# ground mats



## Titan1 (Jan 19, 2010)

Okay agility people. Where do I find those mats they put below the kennels outside for agility?


----------



## AmberSunrise (Apr 1, 2009)

http://www.cleanrun.com/index.cfm?fuseaction=category.display&category_ID=199


----------



## Titan1 (Jan 19, 2010)

Sunrise said:


> Clean Run: Ground Covers & Ex Pen Mats


Sharon
You are awesome! Thank you!


----------



## BayBeams (Jan 3, 2010)

I don't do agility but I have found mats at some of the dog show vendors since all our shows are outdoors. Davis is one in our area that sells them. I also found a smaller mat that works well at Cost Plus. I think they only have them seasonally as a summer outdoor mat.
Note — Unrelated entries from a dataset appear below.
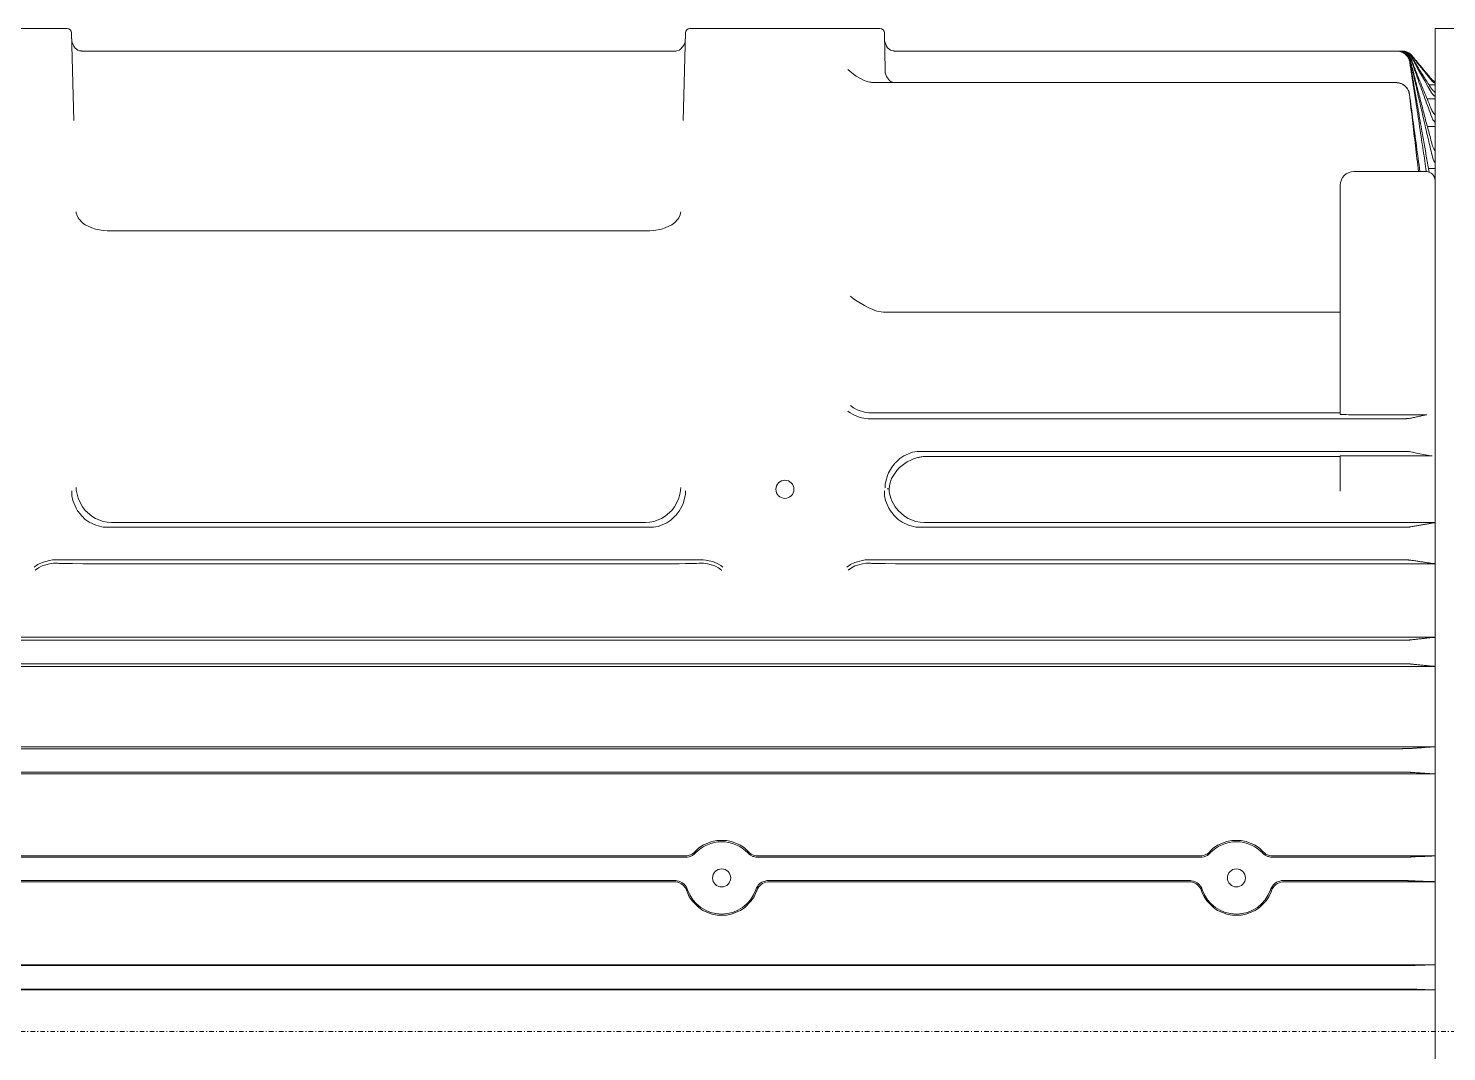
# Model space of a CAD drawing. Header units: metres. Extents: x -105 to 1484, y -92 to 1115.
# Drawn here: x 1124 to 1281, y 943 to 1056.2 of the extents above; entities that cross this region are included whole.
import ezdxf

# ---------------------------------------------------------------- set-up
doc = ezdxf.new("R2010")
doc.units = ezdxf.units.M
doc.linetypes.add('DASHDOT', pattern=[1, 0.5, -0.25, 0, -0.25])
doc.layers.add('1', color=7, linetype='CONTINUOUS')
doc.layers.add('4', color=7, linetype='CONTINUOUS')

# ---------------------------------------------------------------- blocks, each defined once
blk = doc.blocks.new('BLOCK001')
at = {"layer": '1', "color": 15, "linetype": 'DASHDOT', "lineweight": 9}
blk.add_line((513.71, 945.17), (1483.99, 945.17), dxfattribs=at)
at = {"layer": '4', "color": 15, "linetype": 'CONTINUOUS', "lineweight": 9}
for p, q in [((1107.23, 1056.17), (1128.26, 1056.17)), ((1128.76, 1055.69), (1129.01, 1045.98)), ((1196.73, 1055.69), (1196.48, 1045.98)), ((1197.23, 1056.17), (1218.26, 1056.17)), ((1218.76, 1055.69), (1218.86, 1051.5)), ((1309.81, 1056.17), (1279.74, 1056.17)), ((1279.74, 1052.93), (1279.74, 1056.17)), ((1192.68, 1053.67), (1132.81, 1053.67)), ((1275.46, 1053.67), (1222.81, 1053.67)), ((1275.55, 1053.67), (1275.48, 1053.67)), ((1275.68, 1053.67), (1275.57, 1053.67)), ((1275.86, 1053.67), (1275.71, 1053.67)), ((1276.02, 1053.67), (1275.9, 1053.67)), ((1279.74, 1052.93), (1279.74, 1039.32)), ((1275.41, 1050.17), (1217.66, 1050.17)), ((1279.74, 1049.91), (1279.07, 1049.91)), ((1279.62, 1050.17), (1279.62, 1050.17)), ((1279.74, 1048.36), (1278.86, 1048.36)), ((1279.42, 1046.23), (1279.42, 1046.23)), ((1279.74, 1045.33), (1278.88, 1045.33)), ((1278.74, 1040.32), (1270.74, 1040.32)), ((1279.74, 1040.67), (1279.01, 1040.67)), ((1269.24, 1038.42), (1269.24, 1038.82)), ((1269.24, 1032.13), (1269.24, 1038.42)), ((1279.74, 1039.32), (1279.74, 1038.79)), ((1279.74, 1038.79), (1279.74, 1032.47)), ((1192.16, 1033.79), (1133.32, 1033.79)), ((1269.24, 1030.49), (1269.24, 1032.13)), ((1279.74, 1032.47), (1279.74, 1030.74)), ((1269.24, 1030.49), (1269.24, 1013.47)), ((1279.74, 1030.74), (1279.74, 1012.76)), ((1269.24, 1024.78), (1218.93, 1024.78)), ((1275.41, 1012.97), (1217.66, 1012.97)), ((1218.93, 1013.64), (1269.24, 1013.64)), ((1278.81, 1013.43), (1270.74, 1013.43)), ((1279.74, 1001.49), (1279.74, 1012.76)), ((1275.42, 1009.37), (1222.9, 1009.37)), ((1269.24, 1008.81), (1223.46, 1008.81)), ((1269.24, 1008.86), (1279.43, 1008.86)), ((1269.24, 1008.86), (1269.24, 1004.96)), ((1192.68, 1000.97), (1132.81, 1000.97)), ((1133.32, 1001.49), (1192.16, 1001.49)), ((1275.46, 1000.97), (1222.81, 1000.97)), ((1223.32, 1001.49), (1279.74, 1001.49)), ((1279.74, 888.85), (1279.74, 1001.49)), ((1197.94, 997.37), (1127.54, 997.37)), ((1275.48, 997.37), (1217.54, 997.37)), ((1193.65, 996.92), (1131.83, 996.92)), ((1279.74, 996.92), (1221.83, 996.92)), ((1275.55, 988.47), (1082.04, 988.47)), ((1122.04, 988.81), (1203.45, 988.81)), ((1212.04, 988.81), (1279.74, 988.81)), ((1279.74, 985.57), (1078.78, 985.57)), ((1275.57, 985.87), (1082.01, 985.87)), ((1078.78, 976.69), (1279.74, 976.69)), ((1275.68, 976.47), (1081.92, 976.47)), ((1279.74, 973.68), (1078.78, 973.68)), ((1275.71, 973.87), (1081.9, 973.87)), ((1078.78, 964.61), (1196.71, 964.61)), ((1196.77, 964.47), (1081.84, 964.47)), ((1253.77, 964.47), (1204.72, 964.47)), ((1204.78, 964.61), (1253.71, 964.61)), ((1275.86, 964.47), (1261.72, 964.47)), ((1261.78, 964.61), (1279.74, 964.61)), ((1195.46, 961.75), (1078.78, 961.75)), ((1195.55, 961.87), (1081.83, 961.87)), ((1252.55, 961.87), (1205.94, 961.87)), ((1252.46, 961.75), (1206.03, 961.75)), ((1275.9, 961.87), (1262.94, 961.87)), ((1279.74, 961.75), (1263.03, 961.75)), ((1080.24, 952.57), (1279.74, 952.57)), ((1276.02, 952.47), (1080.34, 952.47)), ((1279.74, 949.78), (1080.24, 949.78)), ((1276.04, 949.87), (1080.34, 949.87))]:
    blk.add_line(p, q, dxfattribs=at)
for points in [[(1128.77, 1055), (1128.79, 1054.8), (1128.83, 1054.6), (1129.01, 1054.19), (1129.15, 1053.99), (1129.47, 1053.77), (1129.62, 1053.7), (1129.84, 1053.68), (1129.88, 1053.67), (1129.91, 1053.67)], [(1195.57, 1053.67), (1195.67, 1053.67), (1195.76, 1053.69), (1196.05, 1053.77), (1196.23, 1053.9), (1196.57, 1054.33), (1196.69, 1054.66), (1196.71, 1055)], [(1218.77, 1055), (1218.79, 1054.8), (1218.83, 1054.6), (1218.99, 1054.21), (1219.12, 1054.02), (1219.43, 1053.78), (1219.59, 1053.71), (1219.82, 1053.68), (1219.86, 1053.67), (1219.91, 1053.67)], [(1132.81, 1053.67), (1132.28, 1053.67), (1131.77, 1053.67), (1130.8, 1053.67), (1130.37, 1053.67), (1129.97, 1053.67), (1129.94, 1053.67), (1129.91, 1053.67)], [(1195.57, 1053.67), (1195.57, 1053.67), (1195.57, 1053.67), (1195.2, 1053.67), (1194.77, 1053.67), (1194.04, 1053.67), (1193.78, 1053.67), (1193.23, 1053.67), (1192.96, 1053.67), (1192.68, 1053.67)], [(1222.81, 1053.67), (1222.28, 1053.67), (1221.77, 1053.67), (1220.8, 1053.67), (1220.37, 1053.67), (1219.97, 1053.67), (1219.94, 1053.67), (1219.91, 1053.67)], [(1279.3, 1049.12), (1278.95, 1049.74), (1278.59, 1050.36), (1277.88, 1051.62), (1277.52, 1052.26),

I can fit my two 36 inch crates on the mat from Cost Plus.


----------



## sammydog (Aug 23, 2008)

Sunrise said:


> Clean Run: Ground Covers & Ex Pen Mats


This is where I got mine!


----------



## Loisiana (Jul 29, 2009)

I got mine for a birthday from obedience friends that were tired of sharing their mats with me ROFL. We have to use them when showing on gym floors to protect the floor.


----------



## hawtee (Nov 1, 2006)

I got one from Clean Run and the larger one from Camping World


----------



## FlyingQuizini (Oct 24, 2006)

I think PetEdge.com has them too ... and maybe cheaper than places like Clean Run.


----------



## Titan1 (Jan 19, 2010)

Thanks everyone .. I ordered mine Saturday night and they are already on the way. I was at a show and could not believe what they were asking for them there...


----------